One of my favorite episodes of the show is episode six, “Silenced”. It details the life of Tony Hughes, one of Dahmer’s victims, starting off by letting us get to know him and his life, before his killer even enters the picture. Hughes was deaf, and certain scenes between him and his deaf friends are entirely silent, taking us into his world. The show allows us to fall in love with Hughes, and when Dahmer kills him, it’s done off screen, granting him the dignity of not having such a heinous act shown. It’s because of things like this, though, that I don’t believe the issue of the show is as clear cut. Unethical practices were carried out in the creation of this show, but it also spotlights the victims. It doesn’t let you view this as something salacious, existing to sate your morbid curiosity. It forces you to reckon with the weight of these actions, and in doing so, rejects the consumerist impulse that so many true crime products are tailored to. This show isn’t easy to swallow. The show doesn’t make itself accessible for your average true crime fan. In fact, it’s anything but.

V

Conclusion

In episode nine of the show, “The Bogeyman”, we’re shown a scene where Shirley Hughes, Tony Hughes’ mother is convinced by a lawyer to sue Jeffrey Dahmer’s father to have the proceeds of his book go to the families of the victims. In this scene, the way that the families weren’t notified, and received none of the proceeds is shown as a moral ill, and yet that’s exactly what the show does. I can appreciate the things that this show did while still acknowledging that those actions were heinous and deeply harmful. At the bare minimum, families should’ve been contacted. Nobody deserves to have their trauma dug up in the public eye without notice like this. Not everything is about money, but given that profit was the main goal of this show, a portion of proceeds should’ve gone to the families of the deceased, or at the very least, like Rita Isbell suggested, their children.

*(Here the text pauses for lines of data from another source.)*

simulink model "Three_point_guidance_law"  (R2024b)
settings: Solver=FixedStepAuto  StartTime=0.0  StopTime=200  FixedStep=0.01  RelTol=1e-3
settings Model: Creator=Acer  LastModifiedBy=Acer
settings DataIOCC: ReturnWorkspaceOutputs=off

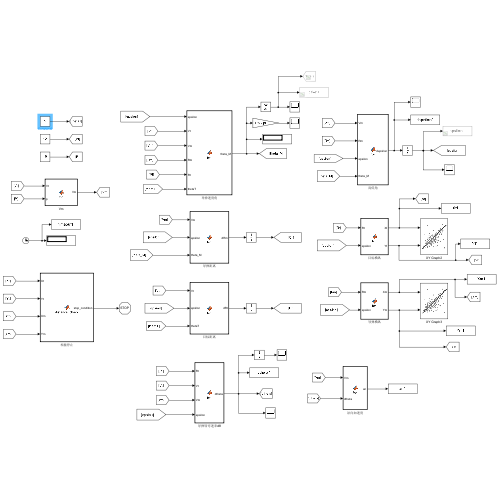
[thumbnail: Simulink's stored preview of the top-level diagram]
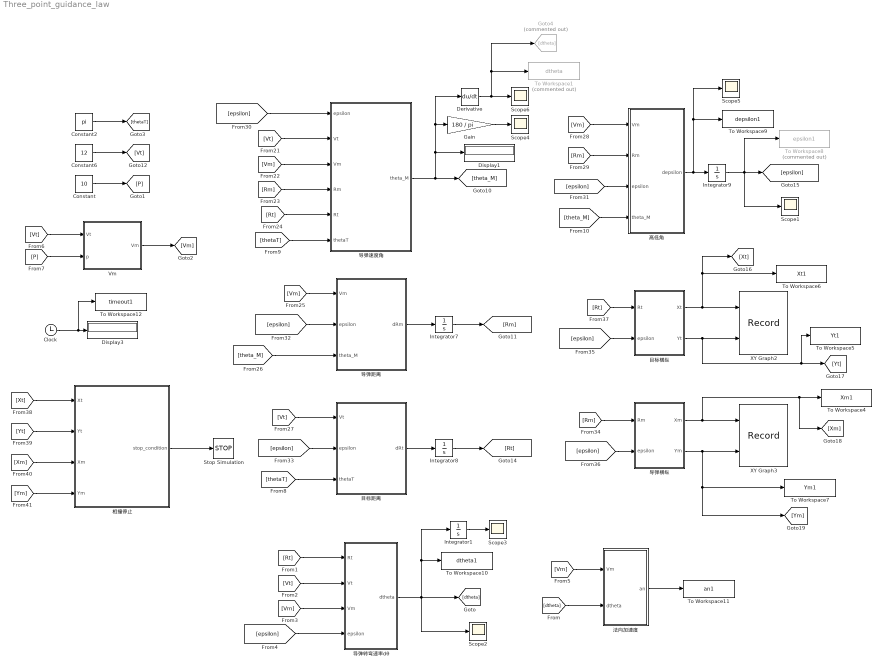
== system Three_point_guidance_law ==
  Clock : Clock
  Constant : Constant  Value=10
  Constant2 : Constant  Value=pi
  Constant6 : Constant  Value=12
  Derivative : Derivative
  Display1 : Display
  Display3 : Display
  Gain : Gain  Gain=180 / pi
  Goto4 : Goto  Commented=on  GotoTag=dtheta
  Integrator1 : Integrator  InitialCondition=70 * pi / 180
  Integrator7 : Integrator  InitialCondition=50
  Integrator8 : Integrator  InitialCondition=3000
  Integrator9 : Integrator  InitialCondition=70 * pi / 180
  Scope{1..6} (6 alike) : Scope
  Stop Simulation : Stop
  To Workspace1 : ToWorkspace  Commented=on  VariableName=dtheta  SaveFormat=Timeseries  SampleTime=-1
  To Workspace10 : ToWorkspace  VariableName=dtheta1  SaveFormat=Timeseries  SampleTime=-1
  To Workspace11 : ToWorkspace  VariableName=an1  SaveFormat=Timeseries  SampleTime=-1
  To Workspace12 : ToWorkspace  VariableName=timeout1  SaveFormat=Timeseries  SampleTime=-1
  To Workspace4 : ToWorkspace  VariableName=Xm1  SaveFormat=Timeseries  SampleTime=-1
  To Workspace5 : ToWorkspace  VariableName=Yt1  SaveFormat=Timeseries  SampleTime=-1
  To Workspace6 : ToWorkspace  VariableName=Xt1  SaveFormat=Timeseries  SampleTime=-1
  To Workspace7 : ToWorkspace  VariableName=Ym1  SaveFormat=Timeseries  SampleTime=-1
  To Workspace8 : ToWorkspace  Commented=on  VariableName=epsilon1  SaveFormat=Timeseries  SampleTime=-1
  To Workspace9 : ToWorkspace  VariableName=depsilon1  SaveFormat=Timeseries  SampleTime=-1
  Vm : MATLAB Function  TreatAsAtomicUnit=on
  XY Graph2 : Record  FileSettingsInternal="{\"entries\":[{\"content\":{\"excelSettings\":{\"content\":{},\"type\":\"Streamout.ExcelSettings\"}},\"type\":\"Streamout.FileSettingStorage\",\"uuid\":\"\"}],\"packageUris\":[\"http:\\/\\/schema.mathworks.com\\/mf0\\/streamout_blocks\\/R2020a\"],\"version\":\"1.0\"}"  Layout=[1 1]  SignalsInternal="{\"entries\":[{\"content\":{\"signals\":[{\"content\":{\"blockPath\":[],\"dimensions\":[1],\"domain\":\"\",\"lineColor\":\"#a2142f\",\"plots\":[ 1 ],\"port\":1,\"signalID\":1,\"signalName\":\"目标横纵:1\"},\"type\":\"RecordBlkView.Signal\",\"uuid\":\"\"},{\"content\":{\"blockPath\":[],\"dimensions\":[1],\"domain\":\"\",\"lineColor\":\"#139fff\",\"plots\":[ 1 ],\"port\":2,\"signalID\":2,\"signalName\":\"目标横纵:2\"},\"type\":\"RecordBlkView.Signal\",\"uuid\":\"\"}]},\"type\":\"RecordBlkView.InputSignals\",\"uuid\":\"\"}],\"packageUris\":[\"http:\\/\\/schema.mathworks.com\\/mf0\\/streamout_blocks\\/R2020a\"],\"version\":\"1.0\"}"  VisualizationBindings="{\"xyplotplugin\":{\"info\":[{\"series\":[{\"bindingParametersList\":[{\"parameter\":\"X-Axis\",\"signalID\":1,\"signalName\":\"目标横纵:1\"},{\"parameter\":\"Y-Axis\",\"signalID\":2,\"signalName\":\"目标横纵:2\"}],\"seriesID\":0}],\"subplotID\":1}]}}"  CompatibilityTag=XY
  XY Graph3 : Record  FileSettingsInternal="{\"entries\":[{\"content\":{\"excelSettings\":{\"content\":{},\"type\":\"Streamout.ExcelSettings\"}},\"type\":\"Streamout.FileSettingStorage\",\"uuid\":\"\"}],\"packageUris\":[\"http:\\/\\/schema.mathworks.com\\/mf0\\/streamout_blocks\\/R2020a\"],\"version\":\"1.0\"}"  Layout=[1 1]  SignalsInternal="{\"entries\":[{\"content\":{\"signals\":[{\"content\":{\"blockPath\":[],\"dimensions\":[1],\"domain\":\"\",\"lineColor\":\"#a2142f\",\"plots\":[ 1 ],\"port\":1,\"signalID\":1,\"signalName\":\"导弹横纵:1\"},\"type\":\"RecordBlkView.Signal\",\"uuid\":\"\"},{\"content\":{\"blockPath\":[],\"dimensions\":[1],\"domain\":\"\",\"lineColor\":\"#139fff\",\"plots\":[ 1 ],\"port\":2,\"signalID\":2,\"signalName\":\"导弹横纵:2\"},\"type\":\"RecordBlkView.Signal\",\"uuid\":\"\"}]},\"type\":\"RecordBlkView.InputSignals\",\"uuid\":\"\"}],\"packageUris\":[\"http:\\/\\/schema.mathworks.com\\/mf0\\/streamout_blocks\\/R2020a\"],\"version\":\"1.0\"}"  VisualizationBindings="{\"xyplotplugin\":{\"info\":[{\"series\":[{\"bindingParametersList\":[{\"parameter\":\"X-Axis\",\"signalID\":1,\"signalName\":\"导弹横纵:1\"},{\"parameter\":\"Y-Axis\",\"signalID\":2,\"signalName\":\"导弹横纵:2\"}],\"seriesID\":0}],\"subplotID\":1}]}}"  CompatibilityTag=XY
  导弹横纵 : MATLAB Function  TreatAsAtomicUnit=on
  导弹距离 : MATLAB Function  TreatAsAtomicUnit=on
  导弹转弯速率dθ : MATLAB Function  TreatAsAtomicUnit=on
  导弹速度角 : MATLAB Function  TreatAsAtomicUnit=on
  法向加速度 : MATLAB Function  TreatAsAtomicUnit=on
  目标横纵 : MATLAB Function  TreatAsAtomicUnit=on
  目标距离 : MATLAB Function  TreatAsAtomicUnit=on
  相撞停止 : MATLAB Function  TreatAsAtomicUnit=on
  高低角 : MATLAB Function  TreatAsAtomicUnit=on
  wires:
  [Vt] -> 导弹速度角/2(Vt)
  [Vm] -> 导弹速度角/3(Vm)
  [Rm] -> 导弹速度角/4(Rm)
  [Rt] -> 导弹速度角/5(Rt)
  [Vm] -> 导弹距离/1(Vm)
  导弹速度角/1(theta_M) -> Derivative/1, Gain/1, Display1/1, [theta_M]
  [theta_M] -> 导弹距离/3(theta_M)
  导弹距离/1(dRm) -> Integrator7/1
  Integrator7/1 -> [Rm]
  [Vt] -> 目标距离/1(Vt)
  Constant6/1 -> [Vt]
  Integrator8/1 -> [Rt]
  目标距离/1(dRt) -> Integrator8/1
  [Vm] -> 高低角/1(Vm)
  [Rm] -> 高低角/2(Rm)
  高低角/1(depsilon) -> Scope5/1, To Workspace9/1, Integrator9/1
  Integrator9/1 -> Scope1/1, To Workspace8/1, [epsilon]
  [epsilon] -> 导弹速度角/1(epsilon)
  [epsilon] -> 高低角/3(epsilon)
  [epsilon] -> 导弹距离/2(epsilon)
  [epsilon] -> 目标距离/2(epsilon)
  [Rm] -> 导弹横纵/1(Rm)
  [epsilon] -> 目标横纵/2(epsilon)
  [epsilon] -> 导弹横纵/2(epsilon)
  [Rt] -> 目标横纵/1(Rt)
  目标横纵/1(Xt) -> XY Graph2/1, To Workspace6/1, [Xt]
  目标横纵/2(Yt) -> To Workspace5/1, [Yt], XY Graph2/2
  导弹横纵/1(Xm) -> [Xm], To Workspace4/1, XY Graph3/1
  导弹横纵/2(Ym) -> [Ym], To Workspace7/1, XY Graph3/2
  相撞停止/1(stop_condition) -> Stop Simulation/1
  [Xt] -> 相撞停止/1(Xt)
  [Yt] -> 相撞停止/2(Yt)
  [Xm] -> 相撞停止/3(Xm)
  [Ym] -> 相撞停止/4(Ym)
  导弹转弯速率dθ/1(dtheta) -> Integrator1/1, To Workspace10/1, [dtheta], Scope2/1
  [Vm] -> 法向加速度/1(Vm)
  [dtheta] -> 法向加速度/2(dtheta)
  法向加速度/1(an) -> To Workspace11/1
  Integrator1/1 -> Scope3/1
  Clock/1 -> To Workspace12/1, Display3/1
  Constant/1 -> [P]
  [Vt] -> Vm/1(Vt)
  [P] -> Vm/2(p)
  Vm/1(Vm) -> [Vm]
  Constant2/1 -> [thetaT]
  Gain/1 -> Scope4/1
  [thetaT] -> 目标距离/3(thetaT)
  [thetaT] -> 导弹速度角/6(thetaT)
  [Rt] -> 导弹转弯速率dθ/1(Rt)
  [Vt] -> 导弹转弯速率dθ/2(Vt)
  [Vm] -> 导弹转弯速率dθ/3(Vm)
  [epsilon] -> 导弹转弯速率dθ/4(epsilon)
  Derivative/1 -> Goto4/1, To Workspace1/1, Scope6/1
  [theta_M] -> 高低角/4(theta_M)

== matlab function Three_point_guidance_law/法向加速度 ==
  data: Vm input; an output; dtheta input
function an = fcn(Vm, dtheta)
    an = Vm * dtheta;
end

== matlab function Three_point_guidance_law/导弹转弯速率dθ ==
  data: Rt input; Vt input; dtheta output; Vm input; epsilon input
function dtheta = fcn(Rt, Vt, Vm, epsilon)
    p = Vm / Vt;    
    H = Rt * sin(epsilon);
    dtheta = (2 * Vt * ((sin(epsilon))^2) / H) * (1 + cos(epsilon) / sqrt(p^2 - ((sin(epsilon))^2)));
end

== matlab function Three_point_guidance_law/Vm ==
  data: Vt input; Vm output; p input
function Vm = fcn(Vt, p)

Vm = Vt * p;

== matlab function Three_point_guidance_law/导弹速度角 ==
  data: epsilon input; theta_M output; Vt input; Vm input; Rm input; Rt input; thetaT input
function theta_M = fcn(epsilon, Vt, Vm, Rm, Rt, thetaT)

theta_M = epsilon + asin((Vt/Vm) * (Rm/Rt) * (-sin(epsilon - thetaT)));

== matlab function Three_point_guidance_law/导弹距离 ==
  data: Vm input; dRm output; epsilon input; theta_M input
function dRm = fcn(Vm, epsilon, theta_M)

dRm = Vm * cos(epsilon - theta_M);

== matlab function Three_point_guidance_law/目标距离 ==
  data: Vt input; dRt output; epsilon input; thetaT input
function dRt = fcn(Vt, epsilon, thetaT)
    dRt = Vt * cos(epsilon - thetaT);
end

== matlab function Three_point_guidance_law/高低角 ==
  data: Vm input; depsilon output; Rm input; epsilon input; theta_M input
function depsilon = fcn(Vm, Rm, epsilon, theta_M)

depsilon = -(Vm / Rm) * sin(epsilon - theta_M);

== matlab function Three_point_guidance_law/目标横纵 ==
  data: Rt input; Xt output; epsilon input; Yt output
function [Xt, Yt] = fcn(Rt, epsilon)

Xt = Rt * cos(epsilon);
Yt = Rt * sin(epsilon);

== matlab function Three_point_guidance_law/导弹横纵 ==
  data: Rm input; Xm output; epsilon input; Ym output
function [Xm, Ym] = fcn(Rm, epsilon)

Xm = Rm * cos(epsilon);
Ym = Rm * sin(epsilon);

== matlab function Three_point_guidance_law/相撞停止 ==
  data: Xt input; stop_condition output; Yt input; Xm input; Ym input
function stop_condition = distance_check(Xt, Yt, Xm, Ym)
    
    distance = sqrt((Xt - Xm)^2 + (Yt - Ym)^2);
    stop_condition = distance < 1;
    
end

I don’t think there are any easy answers to whether shows like these should exist, or whether true crime media should exist at all. There are aspects of these things that are deeply harmful, but they can also lead to a lot of good. However, even with the best of intentions, when driven by profit, and with large amounts of money as motivating factors, things can quickly spiral out of control, and into morally dubious territory. After watching the show, I genuinely do believe that the producers and writers on this show were as well intended as they could’ve been. Yet, even with that, no one is immune to greed.

If I know one thing though, it’s this. If I am murdered in some greusome way, and some youtube true crime girlie talks about my murder while eating a mukbang, I’m haunting the fuck out of her.